What this task involves
Leave out the pictures and restate the rest of the data exactly.

Data provided
⁂
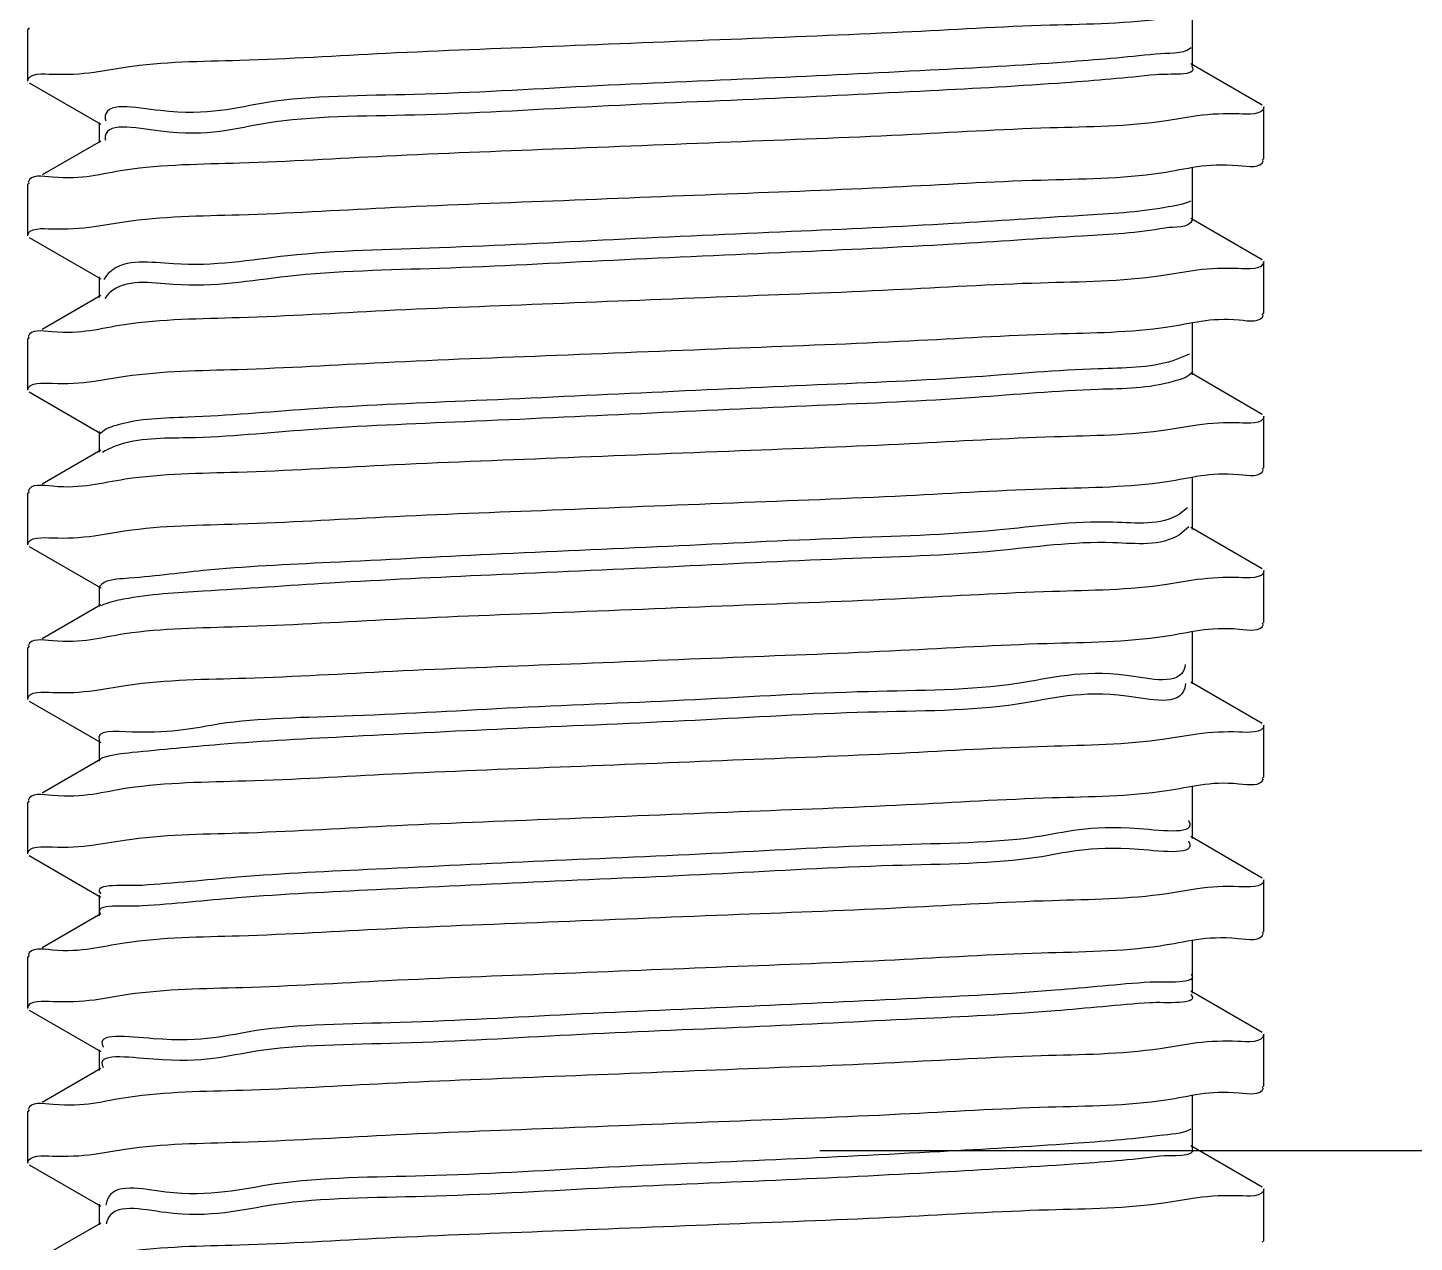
# Model space of a CAD drawing. Header units: millimetres. Extents: x -633009578 to 5705885, y -633235091 to 2571734.
# Drawn here: x 2463495.1 to 2463615.6, y 2001406.1 to 2001511.5 of the extents above; entities that cross this region are included whole.
import ezdxf

# ---------------------------------------------------------------- set-up
doc = ezdxf.new("R2010")
doc.units = ezdxf.units.MM
doc.header["$LTSCALE"] = 1000
doc.header["$MEASUREMENT"] = 0
doc.layers.get('0').update_dxf_attribs({"color": 9})
doc.layers.add('E-WIRE-系统', color=3, linetype='Continuous')

# ---------------------------------------------------------------- blocks, each defined once
blk = doc.blocks.new('G$CF4FACE3C')
at = {"layer": 'E-WIRE-系统'}
for p, q in [((-1381.850381027674, 4552.142436572933), (-1381.850381027674, 4556.259083680459)), ((-1473.225074674003, 4555.107296521659), (-1473.33995213965, 4554.974385020905)), ((-1473.33995213965, 4550.928744371748), (-1473.33995213965, 4554.974385020905)), ((-1468.108574983431, 4551.638051049667), (-1465.691004306544, 4552.027837852365)), ((-1376.359454412945, 4549.038835569751), (-1381.980155113619, 4552.292649218231)), ((-1473.225024721352, 4550.795803974615), (-1467.604420309421, 4547.542046035407)), ((-1376.244576919125, 4544.860283419141), (-1376.244576919125, 4548.905924068647)), ((-1467.734148063231, 4547.692231868044), (-1467.734148063231, 4546.073975621024)), ((-1381.475294598611, 4548.196191022056), (-1383.883355417755, 4547.807581815054)), ((-1467.604373986134, 4546.224188266322), (-1472.205012832768, 4543.560734368395)), ((-1467.252745470032, 4546.363485868671), (-1467.242476101732, 4546.282143245102)), ((-1376.359504377935, 4544.727343033184), (-1376.244576919125, 4544.860283419141)), ((-1381.850381027674, 4540.005514669116), (-1381.850381027674, 4544.161875001621)), ((-1473.225074674003, 4542.970374616561), (-1473.33995213965, 4542.837463116739)), ((-1473.33995213965, 4538.791822467349), (-1473.33995213965, 4542.837463116739)), ((-1468.111955962609, 4539.506713721086), (-1465.777073737001, 4539.884543335647)), ((-1376.359454412945, 4536.901913664653), (-1381.980155113619, 4540.155727314414)), ((-1473.225024721352, 4538.658882080694), (-1467.604420309421, 4535.405124131707)), ((-1376.244576919125, 4532.723361514742), (-1376.244576919125, 4536.769002164132)), ((-1467.734148063231, 4535.555309964227), (-1467.734148063231, 4533.937053717207)), ((-1381.484968573786, 4536.084522198304), (-1384.305696875788, 4535.639834898408)), ((-1467.604373986134, 4534.087266362505), (-1472.205012832768, 4531.42381246353)), ((-1467.134368088096, 4534.058124393574), (-1467.279321529204, 4533.868217382696)), ((-1467.093930486124, 4534.104805841343), (-1467.134368088096, 4534.058124393574)), ((-1376.359504377935, 4532.590421127737), (-1376.244576919125, 4532.723361514742)), ((-1381.850381027674, 4527.868592763436), (-1381.850381027674, 4531.97534310224)), ((-1473.225074674003, 4530.833452712861), (-1473.33995213965, 4530.70054121234)), ((-1473.33995213965, 4526.654900562833), (-1473.33995213965, 4530.70054121234)), ((-1382.0733336946, 4529.484356457484), (-1383.376795341494, 4528.970272939885)), ((-1376.359454412945, 4524.764991759672), (-1381.980155113619, 4528.018805410597)), ((-1468.108212895924, 4527.363960711635), (-1465.681068251142, 4527.75472760119)), ((-1473.225024721352, 4526.521960175713), (-1467.604420309421, 4523.268202226493)), ((-1376.244576919125, 4520.586439610925), (-1376.244576919125, 4524.632080260315)), ((-1381.472933478188, 4523.915841297712), (-1383.787877978291, 4523.540813550702)), ((-1467.734148063231, 4523.418388058548), (-1467.734148063231, 4521.80013181211)), ((-1467.604373986134, 4521.950344456825), (-1472.205012832768, 4519.286890517571)), ((-1467.274379455717, 4521.89033649012), (-1467.470982698957, 4521.766616665875)), ((-1467.204610511428, 4521.92848925991), (-1467.274379455717, 4521.89033649012)), ((-1376.359504377935, 4520.453499223921), (-1376.244576919125, 4520.586439610925)), ((-1381.850381027674, 4515.731670859619), (-1381.850381027674, 4519.845453863381)), ((-1473.225074674003, 4518.696530807647), (-1473.33995213965, 4518.563619286171)), ((-1473.33995213965, 4514.517978657386), (-1473.33995213965, 4518.563619286171)), ((-1382.221731067635, 4517.42849162838), (-1382.862655130448, 4516.929675828898)), ((-1382.125583232148, 4515.925604754128), (-1382.862655130448, 4515.311419581878)), ((-1468.1096156782, 4515.229671785724), (-1465.727604244137, 4515.614366294816)), ((-1376.359454412945, 4512.628069855855), (-1381.980155113619, 4515.881883504917)), ((-1473.225024721352, 4514.385038271896), (-1467.604420309421, 4511.131280322094)), ((-1381.474961514119, 4511.783516375232), (-1383.857365900185, 4511.398738076328)), ((-1376.244576919125, 4508.449517707224), (-1376.244576919125, 4512.495158344042)), ((-1467.734148063231, 4511.281466154032), (-1467.734148063231, 4509.663209907128)), ((-1467.604373986134, 4509.81342255359), (-1472.205012832768, 4507.149968612357)), ((-1467.376348933671, 4509.820865939721), (-1467.562857904937, 4509.736366459285)), ((-1376.359504377935, 4508.316577320104), (-1376.244576919125, 4508.449517707224)), ((-1381.850381027674, 4503.594748955104), (-1381.850381027674, 4507.723425629083)), ((-1473.225074674003, 4506.5596089022), (-1473.33995213965, 4506.426697402843)), ((-1473.33995213965, 4502.381056753569), (-1473.33995213965, 4506.426697402843)), ((-1382.406899151625, 4505.11847485113), (-1382.452758508967, 4504.889078686829)), ((-1468.1049418326, 4503.078529621358), (-1465.499477899401, 4503.494214423234)), ((-1382.394820245216, 4503.627307782648), (-1382.452758508967, 4503.27082244039)), ((-1376.359454412945, 4500.491147950292), (-1381.980155113619, 4503.744961600634)), ((-1473.225024721352, 4502.248116366914), (-1467.604420309421, 4498.994358418393)), ((-1381.477634348674, 4499.656204518629), (-1384.010214935755, 4499.250555283972)), ((-1376.244576919125, 4496.312595801661), (-1376.244576919125, 4500.358236450236)), ((-1467.734148063231, 4499.144544250914), (-1467.734148063231, 4497.526288003311)), ((-1467.604373986134, 4497.676500648842), (-1472.205012832768, 4495.013046697597)), ((-1467.454542111373, 4497.784385922016), (-1467.623761707451, 4497.710364818457)), ((-1376.359504377935, 4496.179655415006), (-1376.244576919125, 4496.312595801661)), ((-1381.850381027674, 4491.457827050355), (-1381.850381027674, 4495.572679458186)), ((-1473.225074674003, 4494.422686998849), (-1473.33995213965, 4494.289775498328)), ((-1473.33995213965, 4490.244134849752), (-1473.33995213965, 4494.289775498328)), ((-1468.109728147276, 4490.955892060767), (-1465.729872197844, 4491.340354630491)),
⁂
Exercise solution
# Model space of a CAD drawing. Header units: millimetres. Extents: x -633009578 to 5705885, y -633235091 to 2571734.
# Drawn here: x 2463495.1 to 2463615.6, y 2001406.1 to 2001511.5 of the extents above; entities that cross this region are included whole.
import ezdxf

# ---------------------------------------------------------------- set-up
doc = ezdxf.new("R2010")
doc.units = ezdxf.units.MM
doc.header["$LTSCALE"] = 1000
doc.header["$MEASUREMENT"] = 0
doc.layers.get('0').update_dxf_attribs({"color": 9})
doc.layers.add('E-WIRE-系统', color=3, linetype='Continuous')

# ---------------------------------------------------------------- blocks, each defined once
blk = doc.blocks.new('G$CF4FACE3C')
at = {"layer": 'E-WIRE-系统'}
for p, q in [((-1381.850381027674, 4552.142436572933), (-1381.850381027674, 4556.259083680459)), ((-1473.225074674003, 4555.107296521659), (-1473.33995213965, 4554.974385020905)), ((-1473.33995213965, 4550.928744371748), (-1473.33995213965, 4554.974385020905)), ((-1468.108574983431, 4551.638051049667), (-1465.691004306544, 4552.027837852365)), ((-1376.359454412945, 4549.038835569751), (-1381.980155113619, 4552.292649218231)), ((-1473.225024721352, 4550.795803974615), (-1467.604420309421, 4547.542046035407)), ((-1376.244576919125, 4544.860283419141), (-1376.244576919125, 4548.905924068647)), ((-1467.734148063231, 4547.692231868044), (-1467.734148063231, 4546.073975621024)), ((-1381.475294598611, 4548.196191022056), (-1383.883355417755, 4547.807581815054)), ((-1467.604373986134, 4546.224188266322), (-1472.205012832768, 4543.560734368395)), ((-1467.252745470032, 4546.363485868671), (-1467.242476101732, 4546.282143245102)), ((-1376.359504377935, 4544.727343033184), (-1376.244576919125, 4544.860283419141)), ((-1381.850381027674, 4540.005514669116), (-1381.850381027674, 4544.161875001621)), ((-1473.225074674003, 4542.970374616561), (-1473.33995213965, 4542.837463116739)), ((-1473.33995213965, 4538.791822467349), (-1473.33995213965, 4542.837463116739)), ((-1468.111955962609, 4539.506713721086), (-1465.777073737001, 4539.884543335647)), ((-1376.359454412945, 4536.901913664653), (-1381.980155113619, 4540.155727314414)), ((-1473.225024721352, 4538.658882080694), (-1467.604420309421, 4535.405124131707)), ((-1376.244576919125, 4532.723361514742), (-1376.244576919125, 4536.769002164132)), ((-1467.734148063231, 4535.555309964227), (-1467.734148063231, 4533.937053717207)), ((-1381.484968573786, 4536.084522198304), (-1384.305696875788, 4535.639834898408)), ((-1467.604373986134, 4534.087266362505), (-1472.205012832768, 4531.42381246353)), ((-1467.134368088096, 4534.058124393574), (-1467.279321529204, 4533.868217382696)), ((-1467.093930486124, 4534.104805841343), (-1467.134368088096, 4534.058124393574)), ((-1376.359504377935, 4532.590421127737), (-1376.244576919125, 4532.723361514742)), ((-1381.850381027674, 4527.868592763436), (-1381.850381027674, 4531.97534310224)), ((-1473.225074674003, 4530.833452712861), (-1473.33995213965, 4530.70054121234)), ((-1473.33995213965, 4526.654900562833), (-1473.33995213965, 4530.70054121234)), ((-1382.0733336946, 4529.484356457484), (-1383.376795341494, 4528.970272939885)), ((-1376.359454412945, 4524.764991759672), (-1381.980155113619, 4528.018805410597)), ((-1468.108212895924, 4527.363960711635), (-1465.681068251142, 4527.75472760119)), ((-1473.225024721352, 4526.521960175713), (-1467.604420309421, 4523.268202226493)), ((-1376.244576919125, 4520.586439610925), (-1376.244576919125, 4524.632080260315)), ((-1381.472933478188, 4523.915841297712), (-1383.787877978291, 4523.540813550702)), ((-1467.734148063231, 4523.418388058548), (-1467.734148063231, 4521.80013181211)), ((-1467.604373986134, 4521.950344456825), (-1472.205012832768, 4519.286890517571)), ((-1467.274379455717, 4521.89033649012), (-1467.470982698957, 4521.766616665875)), ((-1467.204610511428, 4521.92848925991), (-1467.274379455717, 4521.89033649012)), ((-1376.359504377935, 4520.453499223921), (-1376.244576919125, 4520.586439610925)), ((-1381.850381027674, 4515.731670859619), (-1381.850381027674, 4519.845453863381)), ((-1473.225074674003, 4518.696530807647), (-1473.33995213965, 4518.563619286171)), ((-1473.33995213965, 4514.517978657386), (-1473.33995213965, 4518.563619286171)), ((-1382.221731067635, 4517.42849162838), (-1382.862655130448, 4516.929675828898)), ((-1382.125583232148, 4515.925604754128), (-1382.862655130448, 4515.311419581878)), ((-1468.1096156782, 4515.229671785724), (-1465.727604244137, 4515.614366294816)), ((-1376.359454412945, 4512.628069855855), (-1381.980155113619, 4515.881883504917)), ((-1473.225024721352, 4514.385038271896), (-1467.604420309421, 4511.131280322094)), ((-1381.474961514119, 4511.783516375232), (-1383.857365900185, 4511.398738076328)), ((-1376.244576919125, 4508.449517707224), (-1376.244576919125, 4512.495158344042)), ((-1467.734148063231, 4511.281466154032), (-1467.734148063231, 4509.663209907128)), ((-1467.604373986134, 4509.81342255359), (-1472.205012832768, 4507.149968612357)), ((-1467.376348933671, 4509.820865939721), (-1467.562857904937, 4509.736366459285)), ((-1376.359504377935, 4508.316577320104), (-1376.244576919125, 4508.449517707224)), ((-1381.850381027674, 4503.594748955104), (-1381.850381027674, 4507.723425629083)), ((-1473.225074674003, 4506.5596089022), (-1473.33995213965, 4506.426697402843)), ((-1473.33995213965, 4502.381056753569), (-1473.33995213965, 4506.426697402843)), ((-1382.406899151625, 4505.11847485113), (-1382.452758508967, 4504.889078686829)), ((-1468.1049418326, 4503.078529621358), (-1465.499477899401, 4503.494214423234)), ((-1382.394820245216, 4503.627307782648), (-1382.452758508967, 4503.27082244039)), ((-1376.359454412945, 4500.491147950292), (-1381.980155113619, 4503.744961600634)), ((-1473.225024721352, 4502.248116366914), (-1467.604420309421, 4498.994358418393)), ((-1381.477634348674, 4499.656204518629), (-1384.010214935755, 4499.250555283972)), ((-1376.244576919125, 4496.312595801661), (-1376.244576919125, 4500.358236450236)), ((-1467.734148063231, 4499.144544250914), (-1467.734148063231, 4497.526288003311)), ((-1467.604373986134, 4497.676500648842), (-1472.205012832768, 4495.013046697597)), ((-1467.454542111373, 4497.784385922016), (-1467.623761707451, 4497.710364818457)), ((-1376.359504377935, 4496.179655415006), (-1376.244576919125, 4496.312595801661)), ((-1381.850381027674, 4491.457827050355), (-1381.850381027674, 4495.572679458186)), ((-1473.225074674003, 4494.422686998849), (-1473.33995213965, 4494.289775498328)), ((-1473.33995213965, 4490.244134849752), (-1473.33995213965, 4494.289775498328)), ((-1468.109728147276, 4490.955892060767), (-1465.729872197844, 4491.340354630491)),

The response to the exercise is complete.